■ ABOUT THIS TASK: Lines to restate from the data below: from the one containing "Integrator3 : Integrator" to the one containing "Product20 : Product", both included. Give them again exactly, and only them.

AVAILABLE RECORDS Block Start

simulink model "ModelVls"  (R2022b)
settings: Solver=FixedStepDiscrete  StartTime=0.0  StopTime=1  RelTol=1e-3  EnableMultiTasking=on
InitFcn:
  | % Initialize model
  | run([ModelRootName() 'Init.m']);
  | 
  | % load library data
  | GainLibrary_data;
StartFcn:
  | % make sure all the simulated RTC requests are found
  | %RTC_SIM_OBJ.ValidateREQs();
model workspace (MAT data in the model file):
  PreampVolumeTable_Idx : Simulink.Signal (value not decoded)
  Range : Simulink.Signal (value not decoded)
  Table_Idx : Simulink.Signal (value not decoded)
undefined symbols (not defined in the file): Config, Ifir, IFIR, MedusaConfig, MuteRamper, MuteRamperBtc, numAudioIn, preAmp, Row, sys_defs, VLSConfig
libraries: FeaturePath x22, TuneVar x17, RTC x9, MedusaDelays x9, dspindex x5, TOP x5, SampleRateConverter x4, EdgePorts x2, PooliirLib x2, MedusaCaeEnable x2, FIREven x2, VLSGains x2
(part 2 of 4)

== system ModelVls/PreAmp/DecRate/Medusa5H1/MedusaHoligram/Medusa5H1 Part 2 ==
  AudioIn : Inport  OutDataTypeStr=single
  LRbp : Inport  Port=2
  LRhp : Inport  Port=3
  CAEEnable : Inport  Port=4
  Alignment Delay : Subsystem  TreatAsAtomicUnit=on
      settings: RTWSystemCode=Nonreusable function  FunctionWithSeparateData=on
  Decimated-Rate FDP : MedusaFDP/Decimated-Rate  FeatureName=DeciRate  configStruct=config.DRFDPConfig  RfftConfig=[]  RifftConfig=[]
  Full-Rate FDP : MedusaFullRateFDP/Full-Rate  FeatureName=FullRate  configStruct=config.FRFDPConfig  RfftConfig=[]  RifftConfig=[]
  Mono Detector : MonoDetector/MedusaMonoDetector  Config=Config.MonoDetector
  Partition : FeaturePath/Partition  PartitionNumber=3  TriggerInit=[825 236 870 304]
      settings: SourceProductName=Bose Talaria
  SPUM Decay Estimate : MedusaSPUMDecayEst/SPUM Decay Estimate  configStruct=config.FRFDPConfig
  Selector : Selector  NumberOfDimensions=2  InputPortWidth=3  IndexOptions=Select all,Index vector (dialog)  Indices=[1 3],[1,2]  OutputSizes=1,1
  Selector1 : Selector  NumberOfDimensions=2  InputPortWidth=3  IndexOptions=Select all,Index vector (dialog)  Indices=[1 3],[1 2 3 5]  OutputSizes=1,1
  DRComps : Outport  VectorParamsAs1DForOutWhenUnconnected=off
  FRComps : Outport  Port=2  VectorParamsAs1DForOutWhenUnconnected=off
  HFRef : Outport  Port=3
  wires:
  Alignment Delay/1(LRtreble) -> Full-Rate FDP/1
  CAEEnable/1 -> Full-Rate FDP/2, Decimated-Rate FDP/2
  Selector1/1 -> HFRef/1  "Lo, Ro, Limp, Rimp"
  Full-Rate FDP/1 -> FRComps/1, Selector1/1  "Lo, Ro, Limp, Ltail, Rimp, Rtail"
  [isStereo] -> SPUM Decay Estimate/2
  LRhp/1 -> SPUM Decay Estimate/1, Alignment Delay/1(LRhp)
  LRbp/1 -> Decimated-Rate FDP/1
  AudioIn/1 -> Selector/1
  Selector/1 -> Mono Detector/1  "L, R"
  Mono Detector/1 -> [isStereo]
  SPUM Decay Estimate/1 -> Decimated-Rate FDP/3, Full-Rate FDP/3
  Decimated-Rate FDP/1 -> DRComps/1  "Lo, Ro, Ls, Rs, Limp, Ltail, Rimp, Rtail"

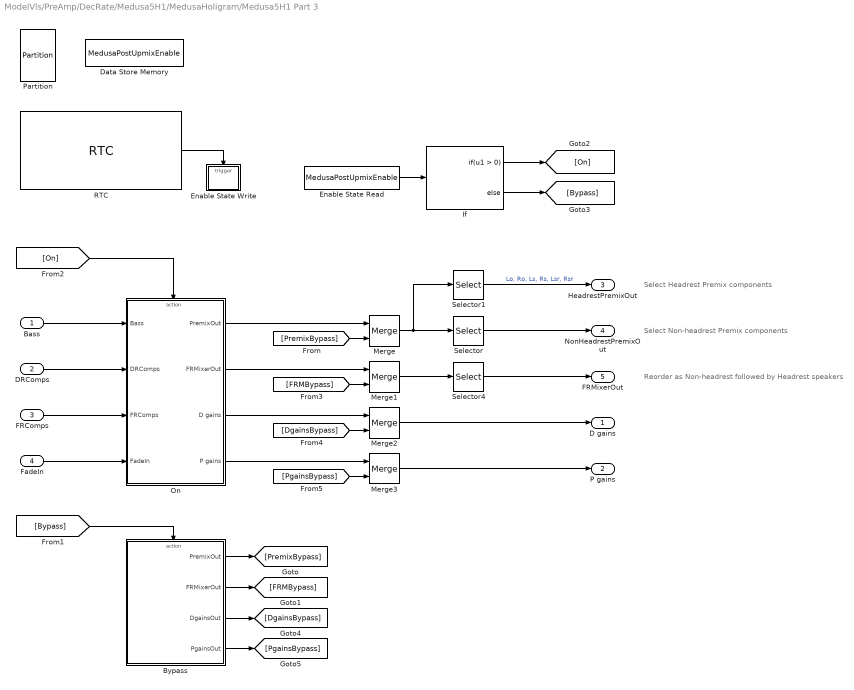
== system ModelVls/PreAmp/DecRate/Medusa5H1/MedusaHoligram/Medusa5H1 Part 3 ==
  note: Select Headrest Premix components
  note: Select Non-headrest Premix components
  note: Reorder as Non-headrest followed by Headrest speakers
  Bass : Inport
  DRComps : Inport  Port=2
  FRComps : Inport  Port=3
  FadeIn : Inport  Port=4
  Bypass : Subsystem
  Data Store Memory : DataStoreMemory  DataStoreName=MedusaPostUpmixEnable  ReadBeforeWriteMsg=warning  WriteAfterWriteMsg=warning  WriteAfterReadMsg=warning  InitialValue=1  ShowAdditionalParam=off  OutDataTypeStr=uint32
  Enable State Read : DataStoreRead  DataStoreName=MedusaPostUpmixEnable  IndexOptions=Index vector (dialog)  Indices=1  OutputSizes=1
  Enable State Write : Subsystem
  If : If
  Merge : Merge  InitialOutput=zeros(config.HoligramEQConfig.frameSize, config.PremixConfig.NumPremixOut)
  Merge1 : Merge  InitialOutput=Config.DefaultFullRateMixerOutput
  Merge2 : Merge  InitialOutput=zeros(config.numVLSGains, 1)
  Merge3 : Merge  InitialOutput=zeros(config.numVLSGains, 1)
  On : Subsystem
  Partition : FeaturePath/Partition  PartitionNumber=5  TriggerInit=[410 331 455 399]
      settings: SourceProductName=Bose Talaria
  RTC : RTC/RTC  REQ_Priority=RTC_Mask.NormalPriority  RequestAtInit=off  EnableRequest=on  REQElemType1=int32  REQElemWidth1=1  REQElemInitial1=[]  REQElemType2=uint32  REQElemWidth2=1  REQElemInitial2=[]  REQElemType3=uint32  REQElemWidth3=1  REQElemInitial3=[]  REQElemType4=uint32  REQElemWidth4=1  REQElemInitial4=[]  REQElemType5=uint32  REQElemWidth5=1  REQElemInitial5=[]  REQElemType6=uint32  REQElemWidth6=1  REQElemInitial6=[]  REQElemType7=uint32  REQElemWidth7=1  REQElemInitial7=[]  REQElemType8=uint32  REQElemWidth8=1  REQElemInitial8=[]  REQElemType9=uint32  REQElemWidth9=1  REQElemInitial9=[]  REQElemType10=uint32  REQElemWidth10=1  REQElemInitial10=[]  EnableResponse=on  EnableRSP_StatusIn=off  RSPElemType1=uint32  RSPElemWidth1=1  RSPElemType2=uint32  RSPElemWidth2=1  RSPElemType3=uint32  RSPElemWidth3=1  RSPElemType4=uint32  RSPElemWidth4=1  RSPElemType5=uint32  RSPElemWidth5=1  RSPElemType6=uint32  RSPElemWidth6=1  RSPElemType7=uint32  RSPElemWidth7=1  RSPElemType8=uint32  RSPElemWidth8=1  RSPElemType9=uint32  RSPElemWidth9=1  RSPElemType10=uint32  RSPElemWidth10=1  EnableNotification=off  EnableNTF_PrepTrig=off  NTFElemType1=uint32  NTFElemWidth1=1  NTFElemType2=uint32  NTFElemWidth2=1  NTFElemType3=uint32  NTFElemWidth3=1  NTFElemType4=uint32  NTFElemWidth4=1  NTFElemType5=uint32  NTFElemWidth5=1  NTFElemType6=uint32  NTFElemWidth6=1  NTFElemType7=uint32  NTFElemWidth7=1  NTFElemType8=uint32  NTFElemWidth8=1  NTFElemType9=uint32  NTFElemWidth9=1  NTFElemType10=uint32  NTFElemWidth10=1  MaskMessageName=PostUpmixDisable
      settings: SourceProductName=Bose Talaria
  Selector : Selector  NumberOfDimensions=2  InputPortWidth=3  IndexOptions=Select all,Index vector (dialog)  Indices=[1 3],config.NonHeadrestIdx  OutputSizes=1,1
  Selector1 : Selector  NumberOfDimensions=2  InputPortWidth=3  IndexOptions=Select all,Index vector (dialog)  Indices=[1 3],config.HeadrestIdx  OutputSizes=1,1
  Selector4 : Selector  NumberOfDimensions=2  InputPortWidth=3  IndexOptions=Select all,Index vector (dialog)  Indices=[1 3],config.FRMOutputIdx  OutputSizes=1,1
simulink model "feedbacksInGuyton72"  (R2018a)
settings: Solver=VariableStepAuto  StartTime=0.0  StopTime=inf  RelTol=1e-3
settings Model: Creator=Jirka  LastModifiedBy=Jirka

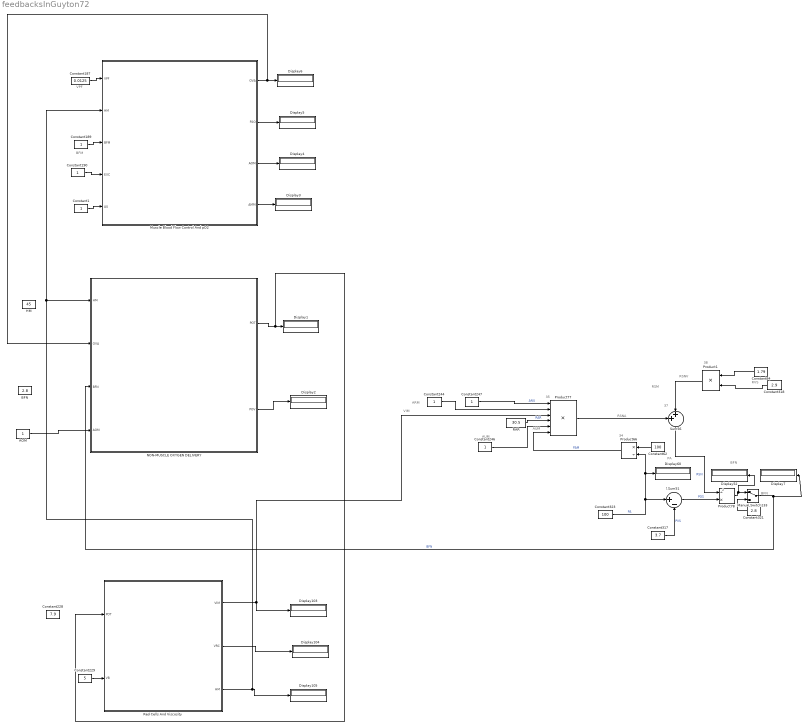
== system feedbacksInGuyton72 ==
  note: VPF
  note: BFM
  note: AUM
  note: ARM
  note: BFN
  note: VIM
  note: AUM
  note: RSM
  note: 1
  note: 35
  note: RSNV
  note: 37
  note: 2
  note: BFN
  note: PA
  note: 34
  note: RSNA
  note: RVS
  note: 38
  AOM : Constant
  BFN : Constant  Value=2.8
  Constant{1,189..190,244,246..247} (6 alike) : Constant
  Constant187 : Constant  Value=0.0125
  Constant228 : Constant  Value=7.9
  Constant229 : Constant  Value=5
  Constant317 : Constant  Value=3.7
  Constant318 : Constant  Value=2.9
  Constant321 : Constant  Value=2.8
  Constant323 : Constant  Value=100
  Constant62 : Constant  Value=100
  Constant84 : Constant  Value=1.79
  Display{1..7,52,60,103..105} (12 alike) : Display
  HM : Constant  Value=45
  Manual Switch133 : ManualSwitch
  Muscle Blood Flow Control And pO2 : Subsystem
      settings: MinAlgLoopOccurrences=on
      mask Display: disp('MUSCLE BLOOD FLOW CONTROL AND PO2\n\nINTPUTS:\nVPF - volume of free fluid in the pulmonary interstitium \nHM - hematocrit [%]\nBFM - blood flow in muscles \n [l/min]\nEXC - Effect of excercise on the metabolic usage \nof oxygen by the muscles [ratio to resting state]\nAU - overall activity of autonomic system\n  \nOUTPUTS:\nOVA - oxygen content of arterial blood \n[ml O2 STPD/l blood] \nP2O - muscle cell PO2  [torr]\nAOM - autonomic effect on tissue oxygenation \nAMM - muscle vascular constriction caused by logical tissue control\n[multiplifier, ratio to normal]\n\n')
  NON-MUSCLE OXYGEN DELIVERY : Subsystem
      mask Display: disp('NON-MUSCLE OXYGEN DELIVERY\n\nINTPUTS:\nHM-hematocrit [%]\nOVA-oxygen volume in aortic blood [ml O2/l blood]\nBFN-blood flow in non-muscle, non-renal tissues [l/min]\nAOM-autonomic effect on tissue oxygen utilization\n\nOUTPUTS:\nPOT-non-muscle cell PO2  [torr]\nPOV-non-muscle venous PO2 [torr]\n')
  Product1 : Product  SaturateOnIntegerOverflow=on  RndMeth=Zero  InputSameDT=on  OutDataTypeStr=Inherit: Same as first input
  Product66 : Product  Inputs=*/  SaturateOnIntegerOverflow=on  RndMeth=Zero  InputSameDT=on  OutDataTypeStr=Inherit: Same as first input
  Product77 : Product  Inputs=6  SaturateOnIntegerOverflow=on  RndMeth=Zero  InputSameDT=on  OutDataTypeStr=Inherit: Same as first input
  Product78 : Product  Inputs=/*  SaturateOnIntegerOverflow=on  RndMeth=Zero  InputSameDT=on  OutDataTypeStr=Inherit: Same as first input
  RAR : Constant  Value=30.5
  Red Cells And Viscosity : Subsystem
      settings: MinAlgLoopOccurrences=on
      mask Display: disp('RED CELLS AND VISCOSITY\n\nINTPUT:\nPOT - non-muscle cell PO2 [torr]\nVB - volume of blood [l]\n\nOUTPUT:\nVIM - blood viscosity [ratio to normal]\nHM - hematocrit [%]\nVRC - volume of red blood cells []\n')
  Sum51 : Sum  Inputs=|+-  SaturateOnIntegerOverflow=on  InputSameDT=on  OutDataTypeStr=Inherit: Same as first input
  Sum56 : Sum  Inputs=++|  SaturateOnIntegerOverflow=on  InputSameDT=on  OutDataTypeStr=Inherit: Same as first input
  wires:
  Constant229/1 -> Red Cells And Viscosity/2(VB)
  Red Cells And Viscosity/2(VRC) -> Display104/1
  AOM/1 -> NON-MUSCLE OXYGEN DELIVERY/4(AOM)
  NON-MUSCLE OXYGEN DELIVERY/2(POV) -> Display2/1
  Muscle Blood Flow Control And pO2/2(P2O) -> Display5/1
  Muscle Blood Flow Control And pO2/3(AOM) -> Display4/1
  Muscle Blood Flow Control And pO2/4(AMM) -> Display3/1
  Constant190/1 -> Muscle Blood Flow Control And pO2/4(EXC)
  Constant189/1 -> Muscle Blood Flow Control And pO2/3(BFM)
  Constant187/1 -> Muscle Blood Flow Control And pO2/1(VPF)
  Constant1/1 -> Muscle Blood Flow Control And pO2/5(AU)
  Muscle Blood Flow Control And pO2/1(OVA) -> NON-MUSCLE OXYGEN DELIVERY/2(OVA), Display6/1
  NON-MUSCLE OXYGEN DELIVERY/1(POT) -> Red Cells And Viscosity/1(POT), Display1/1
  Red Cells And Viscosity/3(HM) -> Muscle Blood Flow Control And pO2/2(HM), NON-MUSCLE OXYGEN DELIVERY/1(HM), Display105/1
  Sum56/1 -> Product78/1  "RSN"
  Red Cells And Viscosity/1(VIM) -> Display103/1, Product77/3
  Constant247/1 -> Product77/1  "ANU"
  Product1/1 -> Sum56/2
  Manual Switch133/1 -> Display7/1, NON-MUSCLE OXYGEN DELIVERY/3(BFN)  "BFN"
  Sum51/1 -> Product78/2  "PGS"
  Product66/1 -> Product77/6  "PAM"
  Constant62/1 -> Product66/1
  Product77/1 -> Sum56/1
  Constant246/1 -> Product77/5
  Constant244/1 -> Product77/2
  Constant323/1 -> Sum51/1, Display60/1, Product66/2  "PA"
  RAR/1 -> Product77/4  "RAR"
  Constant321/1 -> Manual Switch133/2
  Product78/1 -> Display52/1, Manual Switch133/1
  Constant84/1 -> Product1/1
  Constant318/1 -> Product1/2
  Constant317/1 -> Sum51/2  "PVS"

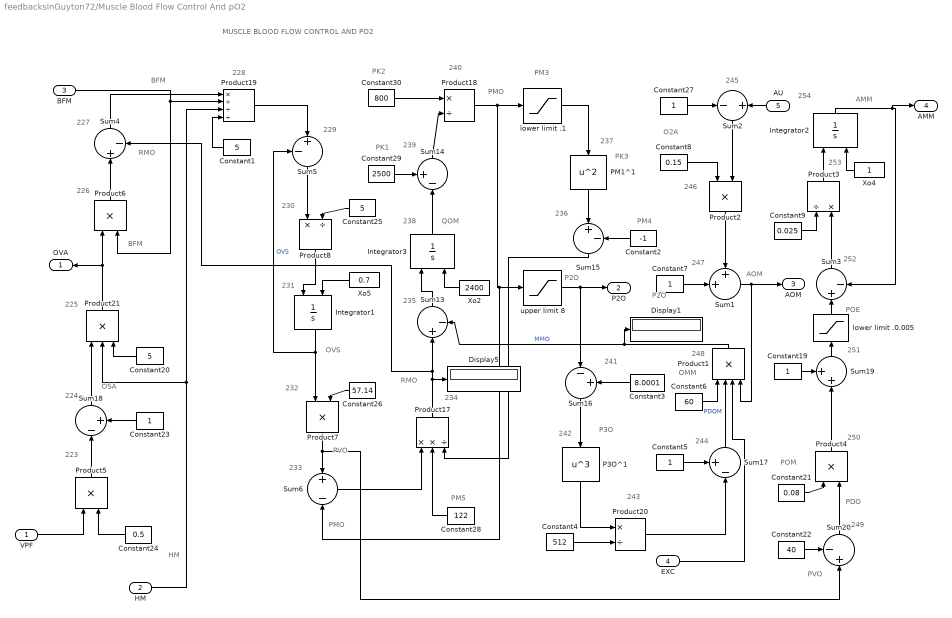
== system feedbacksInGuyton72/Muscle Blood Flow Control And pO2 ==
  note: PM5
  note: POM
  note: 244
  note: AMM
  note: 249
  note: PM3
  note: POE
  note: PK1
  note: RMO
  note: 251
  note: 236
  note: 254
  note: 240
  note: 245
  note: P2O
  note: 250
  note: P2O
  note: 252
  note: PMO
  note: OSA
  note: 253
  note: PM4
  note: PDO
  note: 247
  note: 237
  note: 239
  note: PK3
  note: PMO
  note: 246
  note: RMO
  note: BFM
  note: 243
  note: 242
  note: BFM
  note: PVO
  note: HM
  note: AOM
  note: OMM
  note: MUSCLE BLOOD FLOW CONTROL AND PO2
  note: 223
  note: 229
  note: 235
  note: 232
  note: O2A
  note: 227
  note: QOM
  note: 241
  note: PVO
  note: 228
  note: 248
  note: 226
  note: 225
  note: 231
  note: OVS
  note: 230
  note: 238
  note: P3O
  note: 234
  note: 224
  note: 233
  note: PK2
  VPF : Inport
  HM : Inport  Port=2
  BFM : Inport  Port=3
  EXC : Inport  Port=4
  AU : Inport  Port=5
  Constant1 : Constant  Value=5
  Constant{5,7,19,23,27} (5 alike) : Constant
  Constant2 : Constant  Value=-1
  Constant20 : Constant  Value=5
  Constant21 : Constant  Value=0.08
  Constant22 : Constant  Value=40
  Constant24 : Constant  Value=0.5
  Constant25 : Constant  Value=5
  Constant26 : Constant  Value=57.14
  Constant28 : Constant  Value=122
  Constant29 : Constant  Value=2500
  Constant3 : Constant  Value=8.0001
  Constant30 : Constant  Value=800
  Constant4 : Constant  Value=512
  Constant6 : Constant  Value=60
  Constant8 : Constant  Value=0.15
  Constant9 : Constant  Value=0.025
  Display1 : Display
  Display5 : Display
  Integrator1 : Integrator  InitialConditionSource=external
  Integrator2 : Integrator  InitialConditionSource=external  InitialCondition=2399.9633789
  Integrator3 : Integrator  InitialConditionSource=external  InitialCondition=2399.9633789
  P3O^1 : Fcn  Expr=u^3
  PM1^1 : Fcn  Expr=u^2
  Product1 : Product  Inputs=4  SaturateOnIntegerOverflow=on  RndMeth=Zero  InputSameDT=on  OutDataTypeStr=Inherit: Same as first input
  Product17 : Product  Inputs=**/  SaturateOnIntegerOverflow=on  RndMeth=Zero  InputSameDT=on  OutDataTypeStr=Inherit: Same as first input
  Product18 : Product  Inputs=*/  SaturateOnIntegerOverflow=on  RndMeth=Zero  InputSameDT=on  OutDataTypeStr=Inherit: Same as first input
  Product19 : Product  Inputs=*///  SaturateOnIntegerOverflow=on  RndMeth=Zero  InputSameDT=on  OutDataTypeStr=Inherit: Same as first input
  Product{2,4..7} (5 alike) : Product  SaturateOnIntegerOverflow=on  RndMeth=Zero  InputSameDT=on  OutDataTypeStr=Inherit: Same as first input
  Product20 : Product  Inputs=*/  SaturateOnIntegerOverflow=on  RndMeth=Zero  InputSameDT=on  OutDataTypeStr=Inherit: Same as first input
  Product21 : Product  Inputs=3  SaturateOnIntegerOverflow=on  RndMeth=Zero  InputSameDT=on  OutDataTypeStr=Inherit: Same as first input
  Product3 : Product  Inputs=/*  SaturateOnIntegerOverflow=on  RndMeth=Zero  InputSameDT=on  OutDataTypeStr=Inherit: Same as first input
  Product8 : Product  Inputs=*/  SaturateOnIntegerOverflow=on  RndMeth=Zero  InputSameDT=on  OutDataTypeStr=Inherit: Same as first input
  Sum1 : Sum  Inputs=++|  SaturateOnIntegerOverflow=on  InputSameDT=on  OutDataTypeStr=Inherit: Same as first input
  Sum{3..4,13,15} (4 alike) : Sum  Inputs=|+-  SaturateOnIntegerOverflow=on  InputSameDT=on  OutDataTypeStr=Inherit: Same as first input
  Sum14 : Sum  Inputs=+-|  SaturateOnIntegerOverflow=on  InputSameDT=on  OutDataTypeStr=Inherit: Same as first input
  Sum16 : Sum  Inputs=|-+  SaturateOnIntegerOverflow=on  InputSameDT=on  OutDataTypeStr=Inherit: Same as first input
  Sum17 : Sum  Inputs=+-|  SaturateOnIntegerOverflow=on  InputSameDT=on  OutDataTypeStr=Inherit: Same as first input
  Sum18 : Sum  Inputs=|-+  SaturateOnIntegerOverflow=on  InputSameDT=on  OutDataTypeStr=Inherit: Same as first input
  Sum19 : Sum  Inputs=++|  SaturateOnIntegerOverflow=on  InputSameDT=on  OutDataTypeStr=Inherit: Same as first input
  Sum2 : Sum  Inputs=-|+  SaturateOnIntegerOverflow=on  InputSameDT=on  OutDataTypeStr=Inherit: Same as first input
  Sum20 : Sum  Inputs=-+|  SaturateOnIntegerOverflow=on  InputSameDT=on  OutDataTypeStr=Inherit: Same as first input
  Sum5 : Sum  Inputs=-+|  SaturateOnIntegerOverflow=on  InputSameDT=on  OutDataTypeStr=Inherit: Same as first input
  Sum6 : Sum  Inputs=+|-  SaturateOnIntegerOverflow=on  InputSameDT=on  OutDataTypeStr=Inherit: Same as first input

AVAILABLE RECORDS Block End

■ REPLY TO THE EXERCISE:
  Integrator3 : Integrator  InitialConditionSource=external  InitialCondition=2399.9633789
  P3O^1 : Fcn  Expr=u^3
  PM1^1 : Fcn  Expr=u^2
  Product1 : Product  Inputs=4  SaturateOnIntegerOverflow=on  RndMeth=Zero  InputSameDT=on  OutDataTypeStr=Inherit: Same as first input
  Product17 : Product  Inputs=**/  SaturateOnIntegerOverflow=on  RndMeth=Zero  InputSameDT=on  OutDataTypeStr=Inherit: Same as first input
  Product18 : Product  Inputs=*/  SaturateOnIntegerOverflow=on  RndMeth=Zero  InputSameDT=on  OutDataTypeStr=Inherit: Same as first input
  Product19 : Product  Inputs=*///  SaturateOnIntegerOverflow=on  RndMeth=Zero  InputSameDT=on  OutDataTypeStr=Inherit: Same as first input
  Product{2,4..7} (5 alike) : Product  SaturateOnIntegerOverflow=on  RndMeth=Zero  InputSameDT=on  OutDataTypeStr=Inherit: Same as first input
  Product20 : Product  Inputs=*/  SaturateOnIntegerOverflow=on  RndMeth=Zero  InputSameDT=on  OutDataTypeStr=Inherit: Same as first input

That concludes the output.